A permanência definitiva no Brasil só foi autorizada em julho, seis meses após a assinatura do contrato. No pedido enviado por Coaracy ao Conselho Nacional de Imigração, ele argumentou que “o polo aquático sempre sofreu com a carência de atletas e de tradição (no Brasil)”. “A CBDA necessita da permanência definitiva dos atletas, com vistas a um futuro processo de naturalização e participação na Olimpíada.”

A Lei do Imigrante exige que um naturalizando comprove residência no País há quatro anos, mas o prazo pode cair para um ano se o ministro da Justiça entender que o candidato pode prestar “serviços relevantes ao Brasil”. Com apoio formal do COB perante o Ministério da Justiça, a CBDA conseguiu as naturalizações em 16 de abril.

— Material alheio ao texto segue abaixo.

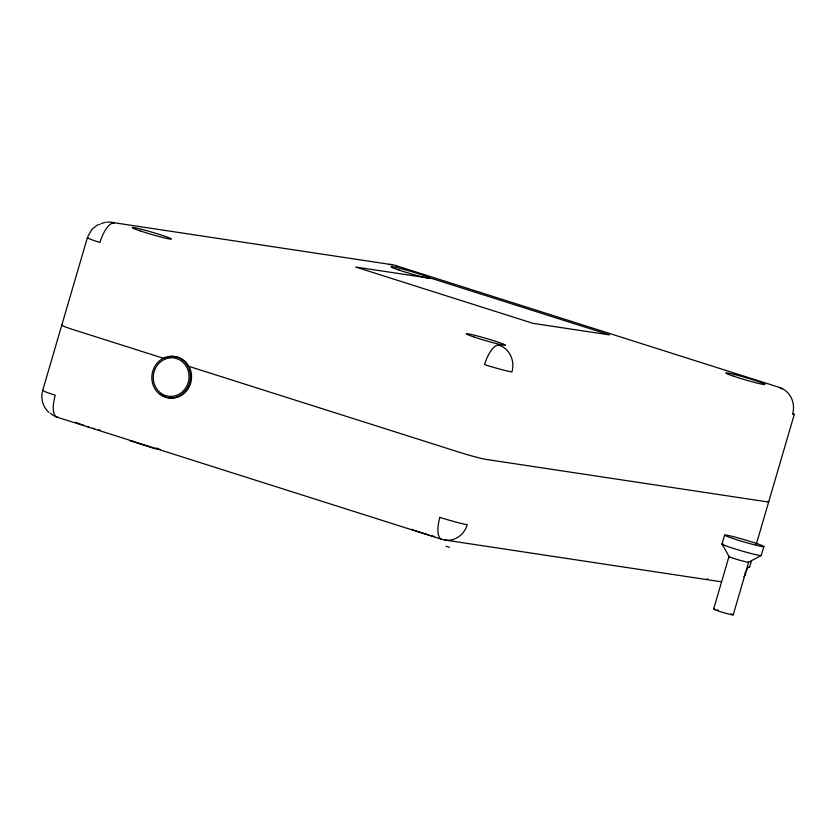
<?xml version="1.0" encoding="UTF-8"?>
<svg xmlns="http://www.w3.org/2000/svg" width="837" height="837" viewBox="0 0 837 837"><rect width="100%" height="100%" fill="white"/><g stroke="black" fill="none" stroke-linecap="round" stroke-linejoin="round"><path stroke-width="1.26" d="M42.363 391.768C40.647 399.207 43.252 407.41 48.923 412.505M42.708 390.398L87.383 237.656M722.028 543.987L724.622 535.094M713.616 609.137L729.006 556.49M733.222 614.871L748.613 562.223L761.115 555.538M749.617 567.088L751.459 560.821M756.229 544.5L794.292 414.346M761.241 555.454L763.836 546.551M87.822 236.306L92.206 229.097L97.814 224.703M743.8 576.662L745.715 574.58M167.17 357.409L164.366 358.571L74.347 329.987A21.668 1.214 16.3 0 1 62.252 325.038M111.698 222.36L392.375 264.743M132.685 441.204L130.258 440.837L154.123 448.423L160.191 449.343M156.059 448.151L158.266 448.475M444.625 540.001L721.431 581.809M395.451 265.475L780.084 387.625M188.785 366.324L458.99 452.137A21.668 1.214 16.3 0 0 486.328 459.44L767.006 501.823A21.668 1.214 16.3 0 0 768.073 501.332M56.916 417.119L441.549 539.269M446.006 546.247L449.333 547.314M722.09 544.123L729.037 556.563M100.409 430.302A20.423 1.14 16.3 0 1 98.525 429.779M94.696 428.68A20.423 1.14 16.3 0 1 92.781 428.115M89.025 426.975A20.423 1.14 16.3 0 1 87.215 426.41M83.857 425.311A20.423 1.14 16.3 0 1 82.329 424.798M80.917 424.307A20.423 1.14 16.3 0 1 77.559 423.041M76.763 422.706A20.423 1.14 16.3 0 1 75.696 422.172M50.586 413.342A21.668 20.004 -81.4 0 0 57.439 417.244A21.668 8.244 -72.4 0 1 55.273 395.242A21.668 1.214 16.3 0 1 43.168 390.293M744.961 573.429A21.668 20.004 -81.4 0 0 747.922 567.078A21.668 1.214 16.3 0 0 749.481 566.89M434.508 536.517A20.423 1.14 16.3 0 1 430.72 535.46M428.795 534.906A20.423 1.14 16.3 0 1 415.016 530.522M413.75 530.062A20.423 1.14 16.3 0 1 411.658 529.266M707.757 578.817A20.423 1.14 16.3 0 1 707.255 578.785M168.101 357.012A20.894 19.282 -81.4 0 1 186.515 362.86L189.403 367.255A20.894 19.282 -81.4 0 1 185.72 391.873A20.894 19.282 -81.4 0 1 162.901 395.775M161.823 395.106A20.894 19.282 -81.4 0 1 159.783 393.536M781.894 389.006A21.668 8.244 -72.4 0 0 779.561 387.5A21.668 20.004 -81.4 0 1 792.587 414.325A21.668 1.214 16.3 0 0 793.947 414.001M396.853 266.386A21.668 8.244 -72.4 0 0 394.928 265.35A21.668 20.004 -81.4 0 0 388.462 264.502M106.477 222.234A21.668 20.004 -81.4 0 1 114.25 222.966A21.668 8.244 -72.4 0 0 99.938 242.489A21.668 1.214 16.3 0 1 88.167 237.562M98.965 224.766A21.668 20.004 -81.4 0 1 100.147 224.128M101.371 223.573A21.668 20.004 -81.4 0 1 105.169 222.433M732.835 614.588A10.211 0.565 16.3 0 1 721.839 612.129A10.211 0.565 16.3 0 1 715.342 609.315M717.309 609.765A10.211 0.565 16.3 0 1 718.094 609.953M731.088 613.877A10.211 0.565 16.3 0 1 732.134 614.274M748.456 562.066A10.211 0.565 16.3 0 1 738.192 559.775A10.211 0.565 16.3 0 1 729.477 556.459M761.168 555.318A20.423 1.14 16.3 0 1 739.427 550.254A20.423 1.14 16.3 0 1 722.948 543.914M432.174 278.585L355.673 267.034L533.002 323.344L609.493 334.894L432.174 278.585M439.906 517.381A21.668 8.244 -72.4 0 0 442.072 539.394A21.668 20.004 -81.4 0 0 467.245 524.694A21.668 1.214 16.3 0 1 439.906 517.381M140.145 230.866A20.423 1.14 16.3 0 0 171.282 239.12A20.423 1.14 16.3 0 0 143.964 229.934A20.423 1.14 16.3 0 0 140.145 230.866M498.883 345.116A21.668 8.244 -72.4 0 0 484.581 364.639A21.668 1.214 16.3 0 0 511.909 371.942A21.668 20.004 -81.4 0 0 498.883 345.116M474.244 337.081A20.423 1.14 16.3 0 0 505.381 345.336A20.423 1.14 16.3 0 0 478.063 336.15A20.423 1.14 16.3 0 0 474.244 337.081M733.735 376.263A20.423 1.14 16.3 0 0 764.872 384.518A20.423 1.14 16.3 0 0 737.554 375.332A20.423 1.14 16.3 0 0 733.735 376.263M398.967 270.058A20.423 1.14 16.3 0 0 430.103 278.302A20.423 1.14 16.3 0 0 402.785 269.127A20.423 1.14 16.3 0 0 398.967 270.058M184.171 392.187A20.894 19.282 -81.4 0 0 177.015 357.096A20.894 19.282 -81.4 0 0 152.282 382.059A20.894 19.282 -81.4 0 0 184.171 392.187M183.209 391.067A19.345 17.859 -81.4 0 0 176.576 358.581A19.345 17.859 -81.4 0 0 153.684 381.693A19.345 17.859 -81.4 0 0 183.209 391.067M732.584 538.379A20.423 1.14 16.3 0 0 763.721 546.634A20.423 1.14 16.3 0 0 736.403 537.448A20.423 1.14 16.3 0 0 732.584 538.379"/></g></svg>

Com o certificado de naturalização em mãos, Vrlic foi liberado para defender a seleção brasileira na Superfinal da Liga Mundial, na Itália, e nos Jogos Pan-Americanos, em Toronto. A Federação Internacional de Natação (Fina), entretanto, barrou a naturalização esportiva de Soro, pois não se convenceu de que ele mora há um ano no Brasil. Afinal, o goleiro defende o Partizan Belgrado, da Sérvia.

Coaracy alega que a naturalização é “normal” e argumenta que os críticos da ação torcem contra o Brasil. “É absolutamente natural, todos os países que realizaram Olimpíada fizeram isso. Tivemos que trazer até o Felipe (Perrone). Não vejo nenhum pecado nisso. Qual é o problema nisso?”.

O pagamento aos três atletas, entretanto, não é a única ação para tentar fazer o Brasil medalhista no polo aquático no Rio. O COB se disponibilizou a pagar moradia, alimentação e transporte para a seleção brasileira disputar, como clube, a próxima edição da Liga Adriática, torneio interclubes mais forte do mundo. O projeto, entretanto, deve naufragar porque a CBDA tem encontrado dificuldades para pagar a inscrição na Liga, estimada em R$ 100 mil. A entidade não confirma a informação apurada pela reportagem.

A participação na Liga Adriática não faz parte do convênio de cerca de R$ 5,3 milhões, ofertados pelo Ministério do Esporte, para bancar estágios de treinamento e participação das seleções masculina e feminina em competições em 2015 e 2016.

A reportagem não conseguiu falar com Perrone e Vrlic, que estão disputando a Superfinal da Liga Mundial, na Itália. A reportagem tenta contato com Soro há pelo menos um mês, sem sucesso.